The overall climate of Canning is humid and warm. In summer, the maximum temperature goes 35 °C while in mild winters, minimum temperature drops 14 °C. The highest temperature ever was 42.5 °C, recorded on 17 May 1987. The lowest temperature ever dropped was 7.6 °C, dropped on 30 January 2007. The mean annual temperature is 26.5 °C. Average annual rainfall is approximately 1850 mm, 85 days feel the rain. Air is humid throughout the year, the amount is 77%.

Demographics
Canning is not identified as a separate place in the 2011 census records. The map of the CD block Canning I on the page number 333 in the District Census Handbook 2011 for the South 24 Parganas district shows Canning as being a part of the Matla and Dighirpar census towns.

Civic administration

Police stations
Canning police station covers an area of . It has jurisdiction over parts of the Canning I and Canning II CD blocks.

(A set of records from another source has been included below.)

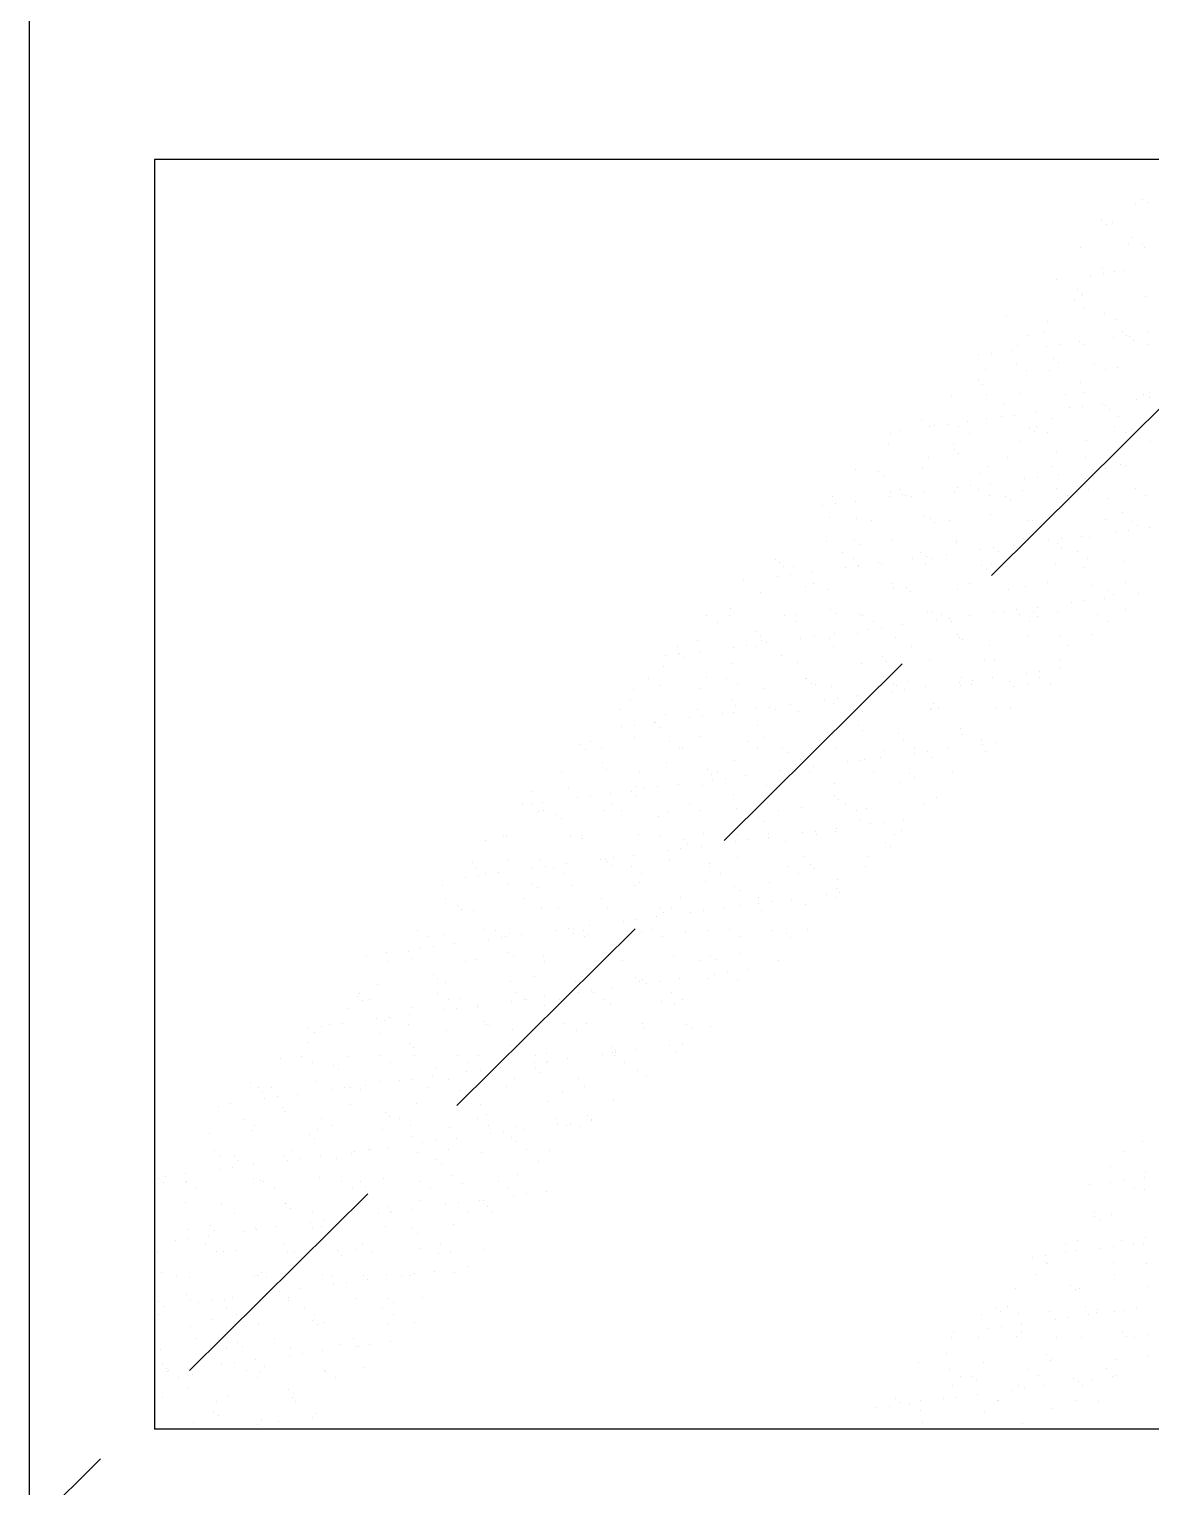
# Model space of a CAD drawing. Extents: x 686 to 7153, y 6615 to 11583.
# Drawn here: x 2336 to 2783, y 9268 to 9849 of the extents above; entities that cross this region are included whole.
import ezdxf

# ---------------------------------------------------------------- set-up
doc = ezdxf.new("R2010")
doc.units = 0
doc.header["$MEASUREMENT"] = 0
doc.linetypes.add('DASHED2', pattern=[0.375, 0.25, -0.125])
for name, color, linetype in [('3', 3, 'CONTINUOUS'), ('4', 4, 'CONTINUOUS'), ('7', 7, 'CONTINUOUS'), ('BH', 3, 'CONTINUOUS'), ('TEXT', 3, 'CONTINUOUS')]:
    doc.layers.add(name, color=color, linetype=linetype)

# ---------------------------------------------------------------- blocks, each defined once
blk = doc.blocks.new('Q')
at = {"layer": 'BH'}
for p, q in [((393.76, 1076.13), (393.76, 1076.13)), ((395.86, 1074.84), (395.86, 1074.84)), ((390.66, 1074.15), (390.66, 1074.15)), ((377.38, 1067.97), (377.38, 1067.97)), ((379.22, 1066.28), (379.22, 1066.28)), ((381.7, 1066.88), (381.7, 1066.88)), ((387.92, 1058.31), (387.92, 1058.31)), ((389.48, 1061.01), (389.48, 1061.01)), ((393.7, 1058.32), (393.7, 1058.32)), ((368.81, 1056.98), (368.81, 1056.98)), ((394.39, 1056.86), (394.39, 1056.86)), ((372.96, 1045.93), (372.96, 1045.93)), ((377.74, 1048.59), (377.74, 1048.59)), ((378.17, 1046.62), (378.17, 1046.62)), ((382.33, 1047.61), (382.33, 1047.61)), ((386.3, 1047.69), (386.3, 1047.69)), ((359.38, 1044.14), (359.38, 1044.14)), ((367.82, 1040.41), (367.82, 1040.41)), ((366.42, 1035.91), (366.42, 1035.91)), ((369.44, 1037.72), (369.44, 1037.72)), ((369.66, 1038.72), (369.66, 1038.72)), ((395.02, 1037.59), (395.02, 1037.59)), ((339.6, 1029.95), (339.6, 1029.95)), ((370.64, 1033.23), (370.64, 1033.23)), ((378.36, 1030.75), (378.36, 1030.75)), ((354.68, 1023.5), (354.68, 1023.5)), ((355.95, 1027.37), (355.95, 1027.37)), ((382.96, 1028.34), (382.96, 1028.34)), ((385.82, 1023.55), (385.82, 1023.55)), ((395.52, 1023.01), (395.52, 1023.01)), ((343.89, 1018.11), (343.89, 1018.11)), ((348.3, 1021.97), (348.3, 1021.97)), ((355.26, 1017.71), (355.26, 1017.71)), ((360.47, 1018.4), (360.47, 1018.4)), ((368.6, 1019.47), (368.6, 1019.47)), ((370.07, 1018.45), (370.07, 1018.45)), ((382.18, 1021.26), (382.18, 1021.26)), ((387.39, 1021.94), (387.39, 1021.94)), ((388.31, 1021.63), (388.31, 1021.63)), ((390.16, 1019.94), (390.16, 1019.94)), ((395.65, 1018.33), (395.65, 1018.33)), ((328.35, 1014.17), (328.35, 1014.17)), ((333.55, 1014.85), (333.55, 1014.85)), ((341.68, 1015.92), (341.68, 1015.92)), ((358.25, 1012.85), (358.25, 1012.85)), ((360.09, 1011.17), (360.09, 1011.17)), ((331, 1008.22), (331, 1008.22)), ((343.35, 1010.81), (343.35, 1010.81)), ((347.57, 1008.13), (347.57, 1008.13)), ((356.58, 1008.1), (356.58, 1008.1)), ((374.49, 1010.87), (374.49, 1010.87)), ((378.71, 1008.18), (378.71, 1008.18)), ((383.59, 1009.07), (383.59, 1009.07)), ((328.19, 1004.08), (328.19, 1004.08)), ((330.03, 1002.39), (330.03, 1002.39)), ((368.79, 1003.19), (368.79, 1003.19)), ((317.52, 997.87), (317.52, 997.87)), ((331.61, 998.4), (331.61, 998.4)), ((338.73, 994.42), (338.73, 994.42)), ((344.52, 998.85), (344.52, 998.85)), ((362.75, 998.46), (362.75, 998.46)), ((369.69, 993.72), (369.69, 993.72)), ((370.7, 999.18), (370.7, 999.18)), ((377.82, 994.79), (377.82, 994.79)), ((378.75, 994.07), (378.75, 994.07)), ((391.4, 996.58), (391.4, 996.58)), ((393.89, 998.51), (393.89, 998.51)), ((396.28, 999.06), (396.28, 999.06)), ((396.61, 997.26), (396.61, 997.26)), ((305.46, 988.62), (305.46, 988.62)), ((323.98, 987.7), (323.98, 987.7)), ((331.63, 988.95), (331.63, 988.95)), ((337.56, 989.49), (337.56, 989.49)), ((342.77, 990.18), (342.77, 990.18)), ((350.9, 991.25), (350.9, 991.25)), ((357.21, 988.83), (357.21, 988.83)), ((364.48, 993.03), (364.48, 993.03)), ((380.59, 992.38), (380.59, 992.38)), ((384.22, 989.8), (384.22, 989.8)), ((293.36, 982.97), (293.36, 982.97)), ((297.06, 984.16), (297.06, 984.16)), ((308.67, 985.64), (308.67, 985.64)), ((310.65, 985.95), (310.65, 985.95)), ((315.85, 986.63), (315.85, 986.63)), ((320.29, 985.72), (320.29, 985.72)), ((324.51, 983.03), (324.51, 983.03)), ((348.69, 985.3), (348.69, 985.3)), ((350.53, 983.61), (350.53, 983.61)), ((351.43, 985.77), (351.43, 985.77)), ((355.65, 983.09), (355.65, 983.09)), ((382.57, 985.83), (382.57, 985.83)), ((386.79, 983.14), (386.79, 983.14)), ((389.29, 984.41), (389.29, 984.41)), ((292.56, 978.73), (292.56, 978.73)), ((318.14, 978.6), (318.14, 978.6)), ((318.62, 976.52), (318.62, 976.52)), ((345.15, 979.58), (345.15, 979.58)), ((371.33, 979.91), (371.33, 979.91)), ((396.91, 979.79), (396.91, 979.79)), ((308.54, 973.3), (308.54, 973.3)), ((320.47, 974.83), (320.47, 974.83)), ((339.69, 973.36), (339.69, 973.36)), ((359.23, 975.64), (359.23, 975.64)), ((370.83, 973.42), (370.83, 973.42)), ((384.85, 970.54), (384.85, 970.54)), ((279.08, 968.38), (279.08, 968.38)), ((288.56, 967.74), (288.56, 967.74)), ((290.41, 966.05), (290.41, 966.05)), ((306.09, 969.35), (306.09, 969.35)), ((329.17, 966.86), (329.17, 966.86)), ((332.26, 969.69), (332.26, 969.69)), ((346.78, 964.81), (346.78, 964.81)), ((351.99, 965.5), (351.99, 965.5)), ((357.84, 969.56), (357.84, 969.56)), ((360.12, 966.57), (360.12, 966.57)), ((369.18, 966.51), (369.18, 966.51)), ((371.03, 964.83), (371.03, 964.83)), ((373.7, 968.36), (373.7, 968.36)), ((378.91, 969.04), (378.91, 969.04)), ((387.04, 970.11), (387.04, 970.11)), ((293.19, 959.46), (293.19, 959.46)), ((297.22, 960.62), (297.22, 960.62)), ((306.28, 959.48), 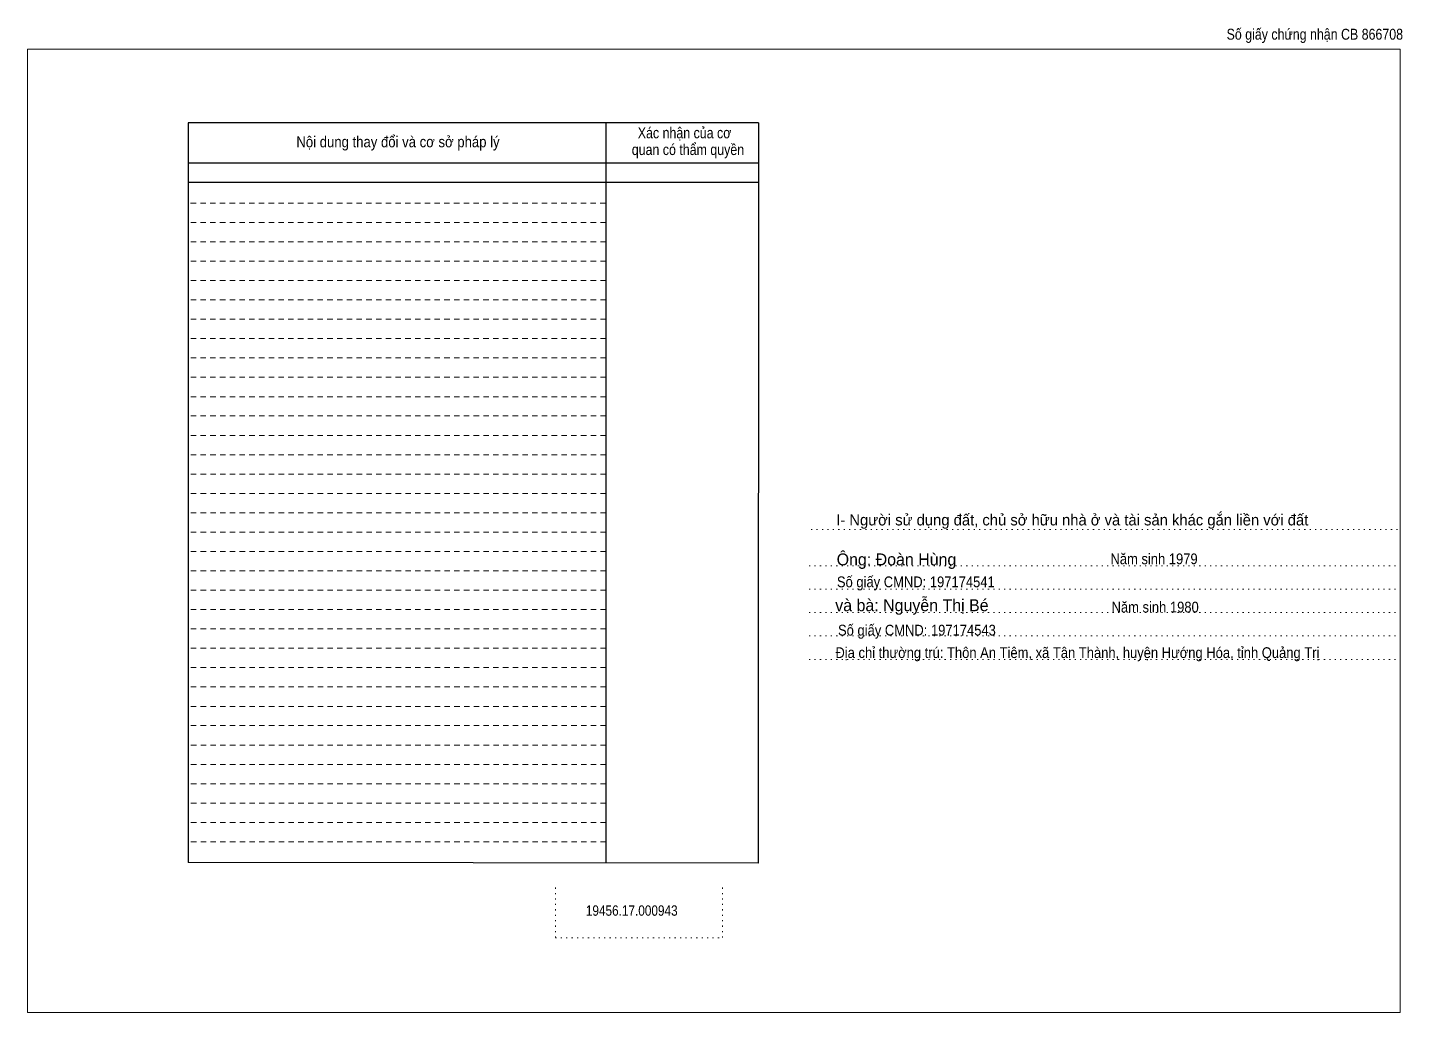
# Model space of a CAD drawing. Header units: metres. Extents: x 539486 to 540015, y 1836328 to 1836476.
# Drawn here: x 539486.2 to 539691.7, y 1836328.8 to 1836476 of the extents above; entities that cross this region are included whole.
import ezdxf
from ezdxf.enums import TextEntityAlignment as Align

# ---------------------------------------------------------------- set-up
doc = ezdxf.new("R2010")
doc.units = ezdxf.units.M
doc.header["$LTSCALE"] = 0.54
doc.linetypes.add('DOTTED', pattern=[1.5, 0.3, -1.2])
doc.linetypes.add('SHORT_DASHED', pattern=[2.7, 1.5, -1.2])
for name, color, linetype, lineweight in [('1', 7, 'DOTTED', 13), ('2', 7, 'SHORT_DASHED', 13), ('28', 7, 'Continuous', 25)]:
    doc.layers.add(name, color=color, linetype=linetype, lineweight=lineweight)
doc.layers.add('18', color=7, linetype='Continuous')
doc.layers.add('40', color=7, linetype='Continuous')

msp = doc.modelspace()

# ---------------------------------------------------------------- linework, layer by layer
at = {"layer": '1'}
for p, q in [((539603.31, 1836400.93), (539691.36, 1836400.93)), ((539603.01, 1836395.53), (539691.06, 1836395.53)), ((539603.01, 1836392.03), (539691.06, 1836392.03)), ((539603.01, 1836388.53), (539691.06, 1836388.53)), ((539603.01, 1836385.03), (539691.06, 1836385.03)), ((539603.01, 1836381.53), (539691.06, 1836381.53)), ((539565.08, 1836347.41), (539565.08, 1836339.89)), ((539590.07, 1836347.41), (539590.07, 1836339.89)), ((539565.08, 1836339.89), (539590.07, 1836339.89))]:
    msp.add_line(p, q, dxfattribs=at)
at = {"layer": '1', "linetype": 'Continuous'}
for points in [[(539486.17, 1836328.75), (539691.37, 1836328.75), (539691.37, 1836472.75), (539486.17, 1836472.75)], [(539486.17, 1836472.75), (539691.37, 1836472.75), (539691.37, 1836328.75), (539486.17, 1836328.75)], [(539486.17, 1836328.75), (539691.37, 1836328.75), (539691.37, 1836472.75), (539486.17, 1836472.75)]]:
    msp.add_lwpolyline(points, close=True, dxfattribs=at)
at = {"layer": '2', "linetype": 'Continuous', "lineweight": 25}
for p, q in [((539595.45, 1836461.71), (539510.17, 1836461.71)), ((539510.17, 1836461.71), (539510.17, 1836351.19)), ((539572.6, 1836461.71), (539572.63, 1836351.11)), ((539595.45, 1836455.67), (539510.29, 1836455.67)), ((539595.45, 1836452.79), (539510.29, 1836452.79))]:
    msp.add_line(p, q, dxfattribs=at)
at = {"layer": '2'}
for p, q in [((539572.6, 1836449.73), (539510.17, 1836449.73)), ((539572.61, 1836446.83), (539510.17, 1836446.83)), ((539572.61, 1836446.83), (539510.17, 1836446.83)), ((539572.61, 1836443.93), (539510.17, 1836443.93)), ((539572.61, 1836441.05), (539510.17, 1836441.05)), ((539572.61, 1836438.15), (539510.17, 1836438.15)), ((539572.61, 1836435.25), (539510.17, 1836435.25)), ((539572.61, 1836432.37), (539510.17, 1836432.37)), ((539572.61, 1836429.47), (539510.17, 1836429.47)), ((539572.61, 1836426.59), (539510.17, 1836426.59)), ((539572.61, 1836423.69), (539510.17, 1836423.69)), ((539572.62, 1836420.79), (539510.17, 1836420.79)), ((539572.62, 1836417.91), (539510.17, 1836417.91)), ((539572.62, 1836415.01), (539510.17, 1836415.01)), ((539572.62, 1836412.11), (539510.17, 1836412.11)), ((539572.63, 1836409.23), (539510.17, 1836409.23)), ((539572.63, 1836406.33), (539510.17, 1836406.33)), ((539572.63, 1836403.45), (539510.17, 1836403.45)), ((539572.63, 1836400.55), (539510.17, 1836400.55)), ((539572.63, 1836397.65), (539510.17, 1836397.65)), ((539572.63, 1836394.77), (539510.17, 1836394.77)), ((539572.63, 1836391.87), (539510.17, 1836391.87)), ((539572.63, 1836388.97), (539510.17, 1836388.97)), ((539572.63, 1836386.09), (539510.17, 1836386.09)), ((539572.63, 1836383.19), (539510.17, 1836383.19)), ((539572.63, 1836380.29), (539510.17, 1836380.29)), ((539572.64, 1836377.41), (539510.17, 1836377.41)), ((539572.64, 1836374.51), (539510.17, 1836374.51)), ((539572.64, 1836371.63), (539510.17, 1836371.63)), ((539572.65, 1836368.73), (539510.17, 1836368.73)), ((539572.65, 1836365.83), (539510.17, 1836365.83)), ((539572.65, 1836362.95), (539510.17, 1836362.95)), ((539572.65, 1836360.05), (539510.17, 1836360.05)), ((539572.65, 1836357.15), (539510.17, 1836357.15)), ((539572.65, 1836354.27), (539510.17, 1836354.27))]:
    msp.add_line(p, q, dxfattribs=at)
at = {"layer": '2', "linetype": 'Continuous', "lineweight": 25}
msp.add_lwpolyline([(539595.45, 1836461.71), (539595.39, 1836351.07), (539510.17, 1836351.19)], dxfattribs=at)

# ---------------------------------------------------------------- texts
at = {"layer": '18'}
for s, p in [('Ông: Đoàn Hùng', (539616.065, 1836395.58)), ('và bà: Nguyễn Thị Bé', (539618.37, 1836388.73))]:
    msp.add_text(s, height=1.782, dxfattribs=at).set_placement(p, align=Align.CENTER)
at = {"layer": '18', "width": 0.85}
msp.add_text('19456.17.000943', height=1.55, dxfattribs=at).set_placement((539576.49, 1836343.21), align=Align.CENTER)
at = {"layer": '2'}
for s, width, p in [('Xác nhận của cơ', 0.85, (539584.385, 1836459.41)), ('Xác nhận của cơ', 0.85, (539584.385, 1836459.41)), ('Nội dung thay đổi và cơ sở pháp lý', 0.9, (539541.55, 1836458.07)), ('Nội dung thay đổi và cơ sở pháp lý', 0.9, (539541.55, 1836458.07)), (' quan có thẩm quyền', 0.85, (539584.635, 1836456.91)), (' quan có thẩm quyền', 0.85, (539584.635, 1836456.91))]:
    msp.add_text(s, height=1.63, dxfattribs=dict(at, width=width)).set_placement(p, align=Align.CENTER)
at = {"layer": '28'}
msp.add_text('I- Người sử dụng đất, chủ sở hữu nhà ở và tài sản khác gắn liền với đất', height=1.653, dxfattribs=at).set_placement((539642.335, 1836401.55), align=Align.CENTER)
at = {"layer": '28', "width": 0.9}
for s, p in [('Năm sinh 1979', (539654.565, 1836395.75)), ('Số giấy CMND: 197174541', (539618.955, 1836392.31)), ('Năm sinh 1980', (539654.73, 1836388.54)), ('Số giấy CMND: 197174543', (539619.12, 1836385.09)), ('Địa chỉ thường trú: Thôn An Tiêm, xã Tân Thành, huyện Hướng Hóa, tỉnh Quảng Trị', (539643.11, 1836381.73))]:
    msp.add_text(s, height=1.61, dxfattribs=at).set_placement(p, align=Align.CENTER)
at = {"layer": '40', "width": 0.85}
msp.add_text('Số giấy chứng nhận CB 866708', height=1.63, dxfattribs=at).set_placement((539678.595, 1836474.15), align=Align.CENTER)

doc.saveas('drawing.dxf')

Canning women police station has jurisdiction over parts of the Canning I and Canning II CD blocks.

CD block HQ
The headquarters of the Canning I CD block are located at Canning.

Economy
The District Human Development Report, South 24 Parganas, writes, "Canning has emerged as a major market for supply of fish to Kolkata. The fishermen of the area bring their catch to the all-night fish market at Canning. Here the commission agents receive the fish and auction them. It is bought by the wholesalers and transported to Kolkata for sale to retailers, who sell it in different markets. However, as greater part of Kolkata’s fish now come from South India and Madhya Pradesh, local wholesale trade at Canning has lost out in the competition. There is, of course, scope of reviving this market once again".

In 1980-81, Canning produced 332.5 tonnes of fresh domestic fish and 60.2 tonnes of exportable prawns. While the exportable prawns were despatched to processors at Kolkata, 59% of the fresh domestic fish was sent to markets in Kolkata.

As of 2019, the daily demand in the Kolkata fish market is around 550 tonnes. Andhra Pradesh-Telangana-Odisha supplies around 150 tonnes and the balance 400 tonnes is local supply from around Kolkata.

Transport
Baruipur-Canning Road links Canning to the State Highway 1.

Canning railway station is on the Sealdah–Canning line of the Kolkata Suburban Railway system.

Commuters
With the electrification of the railways, suburban traffic has grown tremendously since the 1960s. As of 2005-06, more than 1.7 million (17 lakhs) commuters use the Kolkata Suburban Railway system daily. After the partition of India, refugees from East Pakistan/ Bangladesh had a strong impact on the development of urban areas in the periphery of Kolkata. The new immigrants depended on Kolkata for their livelihood, thus increasing the number of commuters. Eastern Railway runs 1,272 EMU trains daily.

Education
Bankim Sardar College, established in 1955, is affiliated with the University of Calcutta. It offers honours courses in English, Bengali, Sanskrit, history, political science, education, physics, botany, zoology, B.Com. Hons., general courses in arts, science, commerce and post graduation in Bengali.

Canning David Sasoon High School is a Bengali-medium coeducational school. It was established in 1933 and has facilities for teaching from class V to class XII.

Canning Dwarikanath Balika Vidyalaya Up High School is a Bengali-medium school for girls. It was established in 1936 and has facilities for teaching from class V to class XII.

Raybaghini High School is a Bengali-medium coeducational school. It was established in 1949 and has facilities for teaching from class V to class XII.

St Gabrial High School is a Bengali-medium school for boys. It was established in 1930 and has facilities for teaching from class V to class X.

Healthcare
Canning Subdivisional Hospital, with 100 beds, is the major government medical facility in the Canning subdivision.